On Wed, 15 Oct 2014 09:10:56 -0400, Michael Black wrote:

On Tue, 14 Oct 2014, micky wrote:

I think 3 people won the Nobel Prize in physics for inventing the blue
LED.

Did the inventor of the first (red) LED get a Nobel prize. It seems a
lot harder to invent the first one than the third or fourth.

The red guy perhaps was the first to think of the idea, but even if not,
he had to think it could be done and then go do it.

The blue guy just has to try many many combinations unitil he finds one
that is blue. Just because it's the last piece in the puzzle, I don't
think it's Nobel-worthy.

This is a repair question?

They are judging on impact. The LED was around for some years, expensive
and a lab curiosity, and then in the early seventies we were able to buy
them as surplus. Not very bright, but even about the same time as we
could get red LEDs cheap, there were green and orange and yellow. A neat
thing, but they weren't a radical change. Anything you could do with
LEDs could be done with incandescent light bulbs. Lots of things get
invented, and don't win a Nobel Prize.

And the decades went by, finally a blue LED. That was neat, started all
kinds of talk about RGB LEDs to make tv sets or other displays. I remember
how bright those blue ones were even when they'd filtered down to the
hobby market. Suddenly, you could use LEDs as flashlights, if you could
live with blue. I don't know if they affected what had come before, but
suddenly you could also get easily high light output red LEDs.

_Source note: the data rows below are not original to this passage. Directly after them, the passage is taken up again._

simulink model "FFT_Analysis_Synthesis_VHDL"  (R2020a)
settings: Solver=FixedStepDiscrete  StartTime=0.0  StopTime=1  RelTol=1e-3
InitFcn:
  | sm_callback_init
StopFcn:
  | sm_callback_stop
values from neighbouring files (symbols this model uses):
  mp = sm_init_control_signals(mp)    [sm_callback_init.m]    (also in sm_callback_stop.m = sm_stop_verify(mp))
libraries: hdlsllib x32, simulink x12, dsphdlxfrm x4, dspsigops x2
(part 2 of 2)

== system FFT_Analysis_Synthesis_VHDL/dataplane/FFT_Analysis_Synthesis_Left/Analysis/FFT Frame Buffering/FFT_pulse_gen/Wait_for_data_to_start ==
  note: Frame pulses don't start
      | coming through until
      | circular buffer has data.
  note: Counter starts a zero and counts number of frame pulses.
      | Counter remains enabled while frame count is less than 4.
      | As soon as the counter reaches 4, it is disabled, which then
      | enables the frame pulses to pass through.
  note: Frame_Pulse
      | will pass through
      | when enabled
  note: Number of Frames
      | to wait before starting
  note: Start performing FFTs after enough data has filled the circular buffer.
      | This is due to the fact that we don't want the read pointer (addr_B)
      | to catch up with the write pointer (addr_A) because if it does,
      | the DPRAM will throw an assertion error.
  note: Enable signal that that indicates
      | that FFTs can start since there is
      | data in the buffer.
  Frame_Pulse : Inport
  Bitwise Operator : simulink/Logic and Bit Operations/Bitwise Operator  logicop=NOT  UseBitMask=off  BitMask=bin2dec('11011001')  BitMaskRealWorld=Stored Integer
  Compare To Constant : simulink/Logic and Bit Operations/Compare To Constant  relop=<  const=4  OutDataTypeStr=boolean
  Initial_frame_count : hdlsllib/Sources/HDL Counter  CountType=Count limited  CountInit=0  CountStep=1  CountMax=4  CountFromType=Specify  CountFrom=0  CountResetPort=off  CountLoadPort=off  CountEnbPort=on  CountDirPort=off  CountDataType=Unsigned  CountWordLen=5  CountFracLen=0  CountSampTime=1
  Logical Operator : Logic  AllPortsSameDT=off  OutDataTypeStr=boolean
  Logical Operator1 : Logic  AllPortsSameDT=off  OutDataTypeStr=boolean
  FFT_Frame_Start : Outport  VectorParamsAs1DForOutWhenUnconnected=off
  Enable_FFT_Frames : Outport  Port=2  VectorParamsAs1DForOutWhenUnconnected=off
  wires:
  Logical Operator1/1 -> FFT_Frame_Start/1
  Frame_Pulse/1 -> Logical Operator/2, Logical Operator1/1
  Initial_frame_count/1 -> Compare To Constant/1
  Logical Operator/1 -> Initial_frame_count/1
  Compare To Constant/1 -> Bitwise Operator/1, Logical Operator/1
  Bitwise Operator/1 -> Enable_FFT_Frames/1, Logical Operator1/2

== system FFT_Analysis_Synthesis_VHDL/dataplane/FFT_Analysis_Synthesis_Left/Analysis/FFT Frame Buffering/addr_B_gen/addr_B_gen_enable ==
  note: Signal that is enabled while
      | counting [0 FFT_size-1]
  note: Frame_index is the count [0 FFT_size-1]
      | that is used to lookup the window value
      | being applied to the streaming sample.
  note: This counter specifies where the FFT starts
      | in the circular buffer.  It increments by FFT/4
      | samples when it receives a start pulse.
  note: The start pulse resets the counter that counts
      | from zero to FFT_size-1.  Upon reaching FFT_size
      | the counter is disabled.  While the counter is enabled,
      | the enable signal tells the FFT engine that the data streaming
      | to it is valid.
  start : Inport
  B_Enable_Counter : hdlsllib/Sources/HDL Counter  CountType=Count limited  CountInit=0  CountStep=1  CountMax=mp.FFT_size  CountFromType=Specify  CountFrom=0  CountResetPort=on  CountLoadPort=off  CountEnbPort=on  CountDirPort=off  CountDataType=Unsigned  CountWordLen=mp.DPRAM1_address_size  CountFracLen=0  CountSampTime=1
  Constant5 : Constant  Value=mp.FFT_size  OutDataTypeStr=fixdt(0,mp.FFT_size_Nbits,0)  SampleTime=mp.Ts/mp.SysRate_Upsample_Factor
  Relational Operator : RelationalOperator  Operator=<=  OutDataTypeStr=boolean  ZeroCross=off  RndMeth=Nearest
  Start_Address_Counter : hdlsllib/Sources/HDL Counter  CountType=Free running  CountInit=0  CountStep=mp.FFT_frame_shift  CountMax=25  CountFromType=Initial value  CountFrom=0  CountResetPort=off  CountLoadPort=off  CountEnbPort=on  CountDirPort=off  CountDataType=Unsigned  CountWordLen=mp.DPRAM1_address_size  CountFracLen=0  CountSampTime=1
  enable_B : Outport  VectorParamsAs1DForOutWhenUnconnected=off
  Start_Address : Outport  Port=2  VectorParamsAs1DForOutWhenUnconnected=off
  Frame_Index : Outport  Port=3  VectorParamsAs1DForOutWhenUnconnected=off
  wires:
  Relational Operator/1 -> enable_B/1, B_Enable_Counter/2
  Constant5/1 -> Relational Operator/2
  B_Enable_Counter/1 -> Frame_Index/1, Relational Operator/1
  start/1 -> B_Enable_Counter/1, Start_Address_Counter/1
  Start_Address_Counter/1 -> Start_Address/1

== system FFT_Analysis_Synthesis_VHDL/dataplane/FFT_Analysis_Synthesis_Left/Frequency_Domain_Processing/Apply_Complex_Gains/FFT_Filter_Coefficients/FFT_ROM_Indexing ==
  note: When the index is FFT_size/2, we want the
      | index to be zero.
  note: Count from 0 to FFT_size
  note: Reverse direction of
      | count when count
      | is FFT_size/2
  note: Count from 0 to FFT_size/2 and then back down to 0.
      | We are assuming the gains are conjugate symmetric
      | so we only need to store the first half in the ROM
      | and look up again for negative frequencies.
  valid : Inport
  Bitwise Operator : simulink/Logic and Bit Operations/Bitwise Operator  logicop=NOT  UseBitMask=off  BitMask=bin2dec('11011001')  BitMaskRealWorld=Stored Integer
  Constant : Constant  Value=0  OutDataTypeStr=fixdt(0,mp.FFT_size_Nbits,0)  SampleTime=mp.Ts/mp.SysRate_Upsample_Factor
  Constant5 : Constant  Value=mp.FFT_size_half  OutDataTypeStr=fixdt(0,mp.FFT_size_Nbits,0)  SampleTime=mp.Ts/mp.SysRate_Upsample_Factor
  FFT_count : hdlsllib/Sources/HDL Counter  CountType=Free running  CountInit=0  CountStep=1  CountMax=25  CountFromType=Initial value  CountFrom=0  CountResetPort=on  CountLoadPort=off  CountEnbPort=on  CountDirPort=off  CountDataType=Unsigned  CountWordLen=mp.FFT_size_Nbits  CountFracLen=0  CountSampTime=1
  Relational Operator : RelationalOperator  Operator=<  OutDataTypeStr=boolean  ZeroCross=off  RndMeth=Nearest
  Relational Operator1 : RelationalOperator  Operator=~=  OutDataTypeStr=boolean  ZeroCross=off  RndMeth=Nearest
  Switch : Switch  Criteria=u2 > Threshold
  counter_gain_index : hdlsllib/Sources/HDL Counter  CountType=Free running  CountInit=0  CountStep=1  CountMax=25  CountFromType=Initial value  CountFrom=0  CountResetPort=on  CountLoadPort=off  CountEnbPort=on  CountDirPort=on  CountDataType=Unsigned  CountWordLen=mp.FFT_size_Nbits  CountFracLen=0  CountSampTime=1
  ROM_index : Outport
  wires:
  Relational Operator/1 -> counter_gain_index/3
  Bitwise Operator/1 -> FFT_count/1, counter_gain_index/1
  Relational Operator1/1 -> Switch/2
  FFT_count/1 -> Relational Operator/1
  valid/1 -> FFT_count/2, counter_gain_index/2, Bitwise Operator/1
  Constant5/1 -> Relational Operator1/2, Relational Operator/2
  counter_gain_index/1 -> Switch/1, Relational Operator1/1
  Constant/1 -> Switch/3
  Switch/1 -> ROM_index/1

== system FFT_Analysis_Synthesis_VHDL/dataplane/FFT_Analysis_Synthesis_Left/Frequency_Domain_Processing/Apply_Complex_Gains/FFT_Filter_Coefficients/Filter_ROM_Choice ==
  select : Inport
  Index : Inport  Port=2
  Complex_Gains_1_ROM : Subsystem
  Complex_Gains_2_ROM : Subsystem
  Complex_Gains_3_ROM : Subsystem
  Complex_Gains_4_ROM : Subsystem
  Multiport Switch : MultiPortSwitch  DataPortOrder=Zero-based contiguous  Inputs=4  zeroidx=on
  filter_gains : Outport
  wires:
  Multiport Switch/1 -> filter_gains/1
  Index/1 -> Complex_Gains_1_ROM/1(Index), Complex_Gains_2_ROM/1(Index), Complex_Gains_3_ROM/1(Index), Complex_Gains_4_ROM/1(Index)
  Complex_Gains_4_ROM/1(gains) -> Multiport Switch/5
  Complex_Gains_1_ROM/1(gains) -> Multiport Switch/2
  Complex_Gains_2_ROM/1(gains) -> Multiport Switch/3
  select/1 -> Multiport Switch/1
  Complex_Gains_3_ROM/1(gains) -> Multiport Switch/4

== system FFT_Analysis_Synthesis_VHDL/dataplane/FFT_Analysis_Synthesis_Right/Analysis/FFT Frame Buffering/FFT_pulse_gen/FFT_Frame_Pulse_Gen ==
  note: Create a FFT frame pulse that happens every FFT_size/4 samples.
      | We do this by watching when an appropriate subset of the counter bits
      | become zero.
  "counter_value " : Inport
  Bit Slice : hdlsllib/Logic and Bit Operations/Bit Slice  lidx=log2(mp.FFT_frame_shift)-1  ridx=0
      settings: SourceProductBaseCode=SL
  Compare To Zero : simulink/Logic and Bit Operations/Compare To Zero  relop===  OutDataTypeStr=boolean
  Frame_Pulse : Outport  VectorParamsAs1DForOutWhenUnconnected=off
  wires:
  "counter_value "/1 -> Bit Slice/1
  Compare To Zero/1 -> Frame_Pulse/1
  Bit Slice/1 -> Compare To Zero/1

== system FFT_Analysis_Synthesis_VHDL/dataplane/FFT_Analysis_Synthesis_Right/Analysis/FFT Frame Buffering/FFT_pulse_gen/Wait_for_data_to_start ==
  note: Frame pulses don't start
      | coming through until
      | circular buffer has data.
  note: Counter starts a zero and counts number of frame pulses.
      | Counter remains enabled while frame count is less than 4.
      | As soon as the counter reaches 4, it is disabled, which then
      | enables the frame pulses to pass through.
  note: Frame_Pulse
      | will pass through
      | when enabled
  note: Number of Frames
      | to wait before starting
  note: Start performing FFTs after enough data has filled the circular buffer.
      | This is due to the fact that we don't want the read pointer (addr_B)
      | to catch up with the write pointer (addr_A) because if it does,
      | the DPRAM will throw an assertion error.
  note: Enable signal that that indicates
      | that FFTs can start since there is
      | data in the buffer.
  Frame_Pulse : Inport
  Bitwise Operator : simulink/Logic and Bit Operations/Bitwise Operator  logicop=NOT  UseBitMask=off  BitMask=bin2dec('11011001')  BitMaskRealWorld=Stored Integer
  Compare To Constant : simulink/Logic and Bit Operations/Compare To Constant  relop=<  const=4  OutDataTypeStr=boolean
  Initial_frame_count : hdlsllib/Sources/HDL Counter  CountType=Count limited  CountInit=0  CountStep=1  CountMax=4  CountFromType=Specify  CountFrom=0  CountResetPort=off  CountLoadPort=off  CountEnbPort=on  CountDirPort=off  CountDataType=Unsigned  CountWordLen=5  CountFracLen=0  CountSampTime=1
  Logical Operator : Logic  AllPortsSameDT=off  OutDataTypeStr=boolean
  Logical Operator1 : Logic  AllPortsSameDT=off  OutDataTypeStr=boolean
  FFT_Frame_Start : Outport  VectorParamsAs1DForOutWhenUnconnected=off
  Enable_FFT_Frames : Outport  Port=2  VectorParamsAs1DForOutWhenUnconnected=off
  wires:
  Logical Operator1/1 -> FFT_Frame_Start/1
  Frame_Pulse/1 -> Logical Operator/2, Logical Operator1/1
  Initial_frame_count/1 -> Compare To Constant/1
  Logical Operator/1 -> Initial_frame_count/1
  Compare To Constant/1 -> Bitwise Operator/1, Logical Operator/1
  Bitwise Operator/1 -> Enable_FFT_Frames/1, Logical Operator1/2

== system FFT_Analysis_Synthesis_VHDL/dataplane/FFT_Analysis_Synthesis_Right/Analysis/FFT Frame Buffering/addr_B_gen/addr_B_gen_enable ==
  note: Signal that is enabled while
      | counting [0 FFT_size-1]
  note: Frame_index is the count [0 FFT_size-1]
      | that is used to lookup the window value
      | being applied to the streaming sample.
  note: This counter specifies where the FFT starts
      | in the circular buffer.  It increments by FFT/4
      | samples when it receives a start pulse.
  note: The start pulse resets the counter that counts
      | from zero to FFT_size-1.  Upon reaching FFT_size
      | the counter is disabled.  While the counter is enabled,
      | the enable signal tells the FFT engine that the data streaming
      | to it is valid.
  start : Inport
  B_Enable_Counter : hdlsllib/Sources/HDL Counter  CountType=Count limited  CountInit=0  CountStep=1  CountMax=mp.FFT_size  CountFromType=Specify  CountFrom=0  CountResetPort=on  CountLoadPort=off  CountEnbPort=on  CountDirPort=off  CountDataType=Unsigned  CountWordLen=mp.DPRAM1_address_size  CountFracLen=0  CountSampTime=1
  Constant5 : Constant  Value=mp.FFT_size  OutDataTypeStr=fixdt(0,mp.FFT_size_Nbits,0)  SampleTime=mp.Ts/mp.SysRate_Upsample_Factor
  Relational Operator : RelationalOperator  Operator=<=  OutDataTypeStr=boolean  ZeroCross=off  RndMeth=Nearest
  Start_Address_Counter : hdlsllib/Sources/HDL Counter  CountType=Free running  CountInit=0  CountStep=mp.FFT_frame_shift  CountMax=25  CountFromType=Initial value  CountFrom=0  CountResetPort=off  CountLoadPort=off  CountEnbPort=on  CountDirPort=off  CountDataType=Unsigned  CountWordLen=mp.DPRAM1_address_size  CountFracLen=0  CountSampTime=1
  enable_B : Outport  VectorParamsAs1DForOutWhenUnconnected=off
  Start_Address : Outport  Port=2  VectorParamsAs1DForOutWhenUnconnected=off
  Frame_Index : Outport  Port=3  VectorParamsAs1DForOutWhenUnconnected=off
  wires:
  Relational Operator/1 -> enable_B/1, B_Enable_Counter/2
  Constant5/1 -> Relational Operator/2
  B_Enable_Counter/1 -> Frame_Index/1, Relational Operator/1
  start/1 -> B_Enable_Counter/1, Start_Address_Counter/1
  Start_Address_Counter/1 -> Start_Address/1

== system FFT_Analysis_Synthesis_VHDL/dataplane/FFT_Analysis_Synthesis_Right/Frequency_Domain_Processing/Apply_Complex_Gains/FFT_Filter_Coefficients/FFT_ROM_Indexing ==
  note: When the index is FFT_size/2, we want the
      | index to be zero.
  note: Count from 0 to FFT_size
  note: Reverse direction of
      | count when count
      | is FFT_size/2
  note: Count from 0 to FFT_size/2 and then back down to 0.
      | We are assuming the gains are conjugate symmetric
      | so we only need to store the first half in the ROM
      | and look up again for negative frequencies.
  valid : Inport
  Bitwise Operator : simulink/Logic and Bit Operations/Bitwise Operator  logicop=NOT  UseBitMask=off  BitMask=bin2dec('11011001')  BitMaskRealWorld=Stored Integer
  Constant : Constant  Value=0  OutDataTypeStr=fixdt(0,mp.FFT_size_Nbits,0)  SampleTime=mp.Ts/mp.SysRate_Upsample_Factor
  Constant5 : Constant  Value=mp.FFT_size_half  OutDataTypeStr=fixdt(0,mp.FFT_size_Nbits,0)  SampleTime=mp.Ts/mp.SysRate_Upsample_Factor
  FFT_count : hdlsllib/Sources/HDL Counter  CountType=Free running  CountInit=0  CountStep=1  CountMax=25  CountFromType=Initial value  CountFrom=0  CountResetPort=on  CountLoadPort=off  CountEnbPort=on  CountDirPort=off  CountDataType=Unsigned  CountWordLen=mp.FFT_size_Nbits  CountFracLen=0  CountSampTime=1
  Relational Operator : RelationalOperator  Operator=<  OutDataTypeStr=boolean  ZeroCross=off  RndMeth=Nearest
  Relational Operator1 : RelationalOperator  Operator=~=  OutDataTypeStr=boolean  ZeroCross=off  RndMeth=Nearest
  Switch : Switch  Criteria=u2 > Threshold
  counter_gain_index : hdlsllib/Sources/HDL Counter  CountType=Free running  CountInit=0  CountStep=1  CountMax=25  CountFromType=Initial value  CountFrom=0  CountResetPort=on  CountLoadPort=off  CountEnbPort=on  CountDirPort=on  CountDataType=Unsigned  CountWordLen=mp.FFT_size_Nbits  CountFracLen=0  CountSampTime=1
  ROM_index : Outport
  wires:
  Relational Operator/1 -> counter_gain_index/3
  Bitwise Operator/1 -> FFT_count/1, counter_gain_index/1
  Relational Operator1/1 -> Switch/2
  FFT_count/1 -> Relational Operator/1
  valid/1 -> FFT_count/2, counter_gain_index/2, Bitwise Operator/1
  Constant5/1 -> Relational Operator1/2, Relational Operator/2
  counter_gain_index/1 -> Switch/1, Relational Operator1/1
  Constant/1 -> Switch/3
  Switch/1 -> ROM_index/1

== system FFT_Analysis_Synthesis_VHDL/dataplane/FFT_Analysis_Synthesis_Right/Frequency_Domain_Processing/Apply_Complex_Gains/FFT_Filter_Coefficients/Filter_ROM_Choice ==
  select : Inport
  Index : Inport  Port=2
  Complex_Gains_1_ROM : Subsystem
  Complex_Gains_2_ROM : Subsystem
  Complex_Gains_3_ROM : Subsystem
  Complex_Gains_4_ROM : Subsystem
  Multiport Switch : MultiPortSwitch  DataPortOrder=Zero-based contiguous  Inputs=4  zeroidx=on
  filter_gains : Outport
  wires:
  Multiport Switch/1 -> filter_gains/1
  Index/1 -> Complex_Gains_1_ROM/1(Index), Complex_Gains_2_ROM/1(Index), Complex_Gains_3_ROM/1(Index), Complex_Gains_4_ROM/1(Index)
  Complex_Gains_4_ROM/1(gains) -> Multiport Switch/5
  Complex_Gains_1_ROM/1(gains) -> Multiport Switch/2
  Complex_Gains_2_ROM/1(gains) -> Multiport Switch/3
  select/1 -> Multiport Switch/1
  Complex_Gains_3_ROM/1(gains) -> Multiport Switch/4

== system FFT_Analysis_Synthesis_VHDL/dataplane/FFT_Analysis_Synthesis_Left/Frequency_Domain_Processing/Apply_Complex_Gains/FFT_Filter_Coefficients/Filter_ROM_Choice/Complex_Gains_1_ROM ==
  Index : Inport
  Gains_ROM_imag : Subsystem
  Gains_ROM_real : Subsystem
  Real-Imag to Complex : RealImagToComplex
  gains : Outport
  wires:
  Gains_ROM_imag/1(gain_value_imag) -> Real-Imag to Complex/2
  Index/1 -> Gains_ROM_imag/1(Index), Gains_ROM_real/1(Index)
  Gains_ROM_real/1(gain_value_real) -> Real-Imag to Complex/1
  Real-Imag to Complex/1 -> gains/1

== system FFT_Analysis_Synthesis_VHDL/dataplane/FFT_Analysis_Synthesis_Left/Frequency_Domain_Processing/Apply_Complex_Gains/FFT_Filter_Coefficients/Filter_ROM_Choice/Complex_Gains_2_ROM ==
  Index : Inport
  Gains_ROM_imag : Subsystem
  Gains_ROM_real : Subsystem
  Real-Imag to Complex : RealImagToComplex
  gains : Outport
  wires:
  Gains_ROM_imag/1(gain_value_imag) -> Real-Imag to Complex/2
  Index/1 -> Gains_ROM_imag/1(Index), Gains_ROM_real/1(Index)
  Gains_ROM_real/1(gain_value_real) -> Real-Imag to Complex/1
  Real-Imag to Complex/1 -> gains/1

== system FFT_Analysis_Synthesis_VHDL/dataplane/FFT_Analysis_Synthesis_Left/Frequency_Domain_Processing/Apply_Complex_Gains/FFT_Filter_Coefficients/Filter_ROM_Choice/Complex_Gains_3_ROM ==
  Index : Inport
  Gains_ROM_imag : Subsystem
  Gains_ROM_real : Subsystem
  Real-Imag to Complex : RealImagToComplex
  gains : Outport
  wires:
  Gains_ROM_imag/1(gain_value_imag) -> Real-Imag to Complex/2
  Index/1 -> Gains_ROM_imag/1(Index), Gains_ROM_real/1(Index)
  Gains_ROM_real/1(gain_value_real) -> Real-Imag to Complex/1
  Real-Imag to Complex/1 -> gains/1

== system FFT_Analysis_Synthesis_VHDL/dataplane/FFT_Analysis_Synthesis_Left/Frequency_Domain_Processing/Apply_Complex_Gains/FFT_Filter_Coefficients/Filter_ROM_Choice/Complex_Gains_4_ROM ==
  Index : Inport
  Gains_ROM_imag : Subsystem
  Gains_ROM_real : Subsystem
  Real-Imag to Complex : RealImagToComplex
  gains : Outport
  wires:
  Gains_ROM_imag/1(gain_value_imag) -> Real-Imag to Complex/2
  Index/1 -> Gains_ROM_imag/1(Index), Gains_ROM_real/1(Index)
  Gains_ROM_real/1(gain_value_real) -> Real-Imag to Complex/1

It's worth pointing out that it took a long time for blue LEDs to come
along because it wasn't a matter of minor changes to LEDs to get differetn
colors (or at least not after the initial orange/green/yellow), but a
different process. It was a case of having to start from scratch.

And then not that much later, white LEDs, as someone pointed out, they
happened because blue were available and were the foundation of white
LEDs.

So suddenly we could have flashlights that were "normal" light, and no
more flashlights that didn't work when they were needed because the
filament broke.

And a whole lot more development happened as a result. There was limited
use for high light output red or green LEDs, but a lot of use for high
output white LEDs. Whole different design, not the packaged LEDs as we
know it, but a different package so the LED could be heatsinked and they
didn't need the lens in the package to get more light output (or direct
the light). So no more need for that long extension cord when you need
that trouble light, this thing is bright enough to temporarily blind you
if you look at it suddenly in the dark.

Wham, no more CFL bulbs in monitors, just white LEDs for the backlight,
longer life and probably lower current drain.

And then LED bulbs to replace incandescent and more recently CFL bulbs.
They seem to work better than the CFLs, but they certainly use less
current for the same light output as incandescent. So that will impact on
things in the long run, lower demands for electricity in the home, or in
places where there really isn't electricity, real electric lighting that
can be powered off a battery and solar cells to recharge it.

They are looking at the big picture.

Michael


Well, sort of. The Nobel is a political award, as evidenced by giving one
to Yassir Arafat an aging ex-terrorist. The blue improvement was
incremental compared to making LEDs the first time. Also just look at
what body controls the awards.

?-)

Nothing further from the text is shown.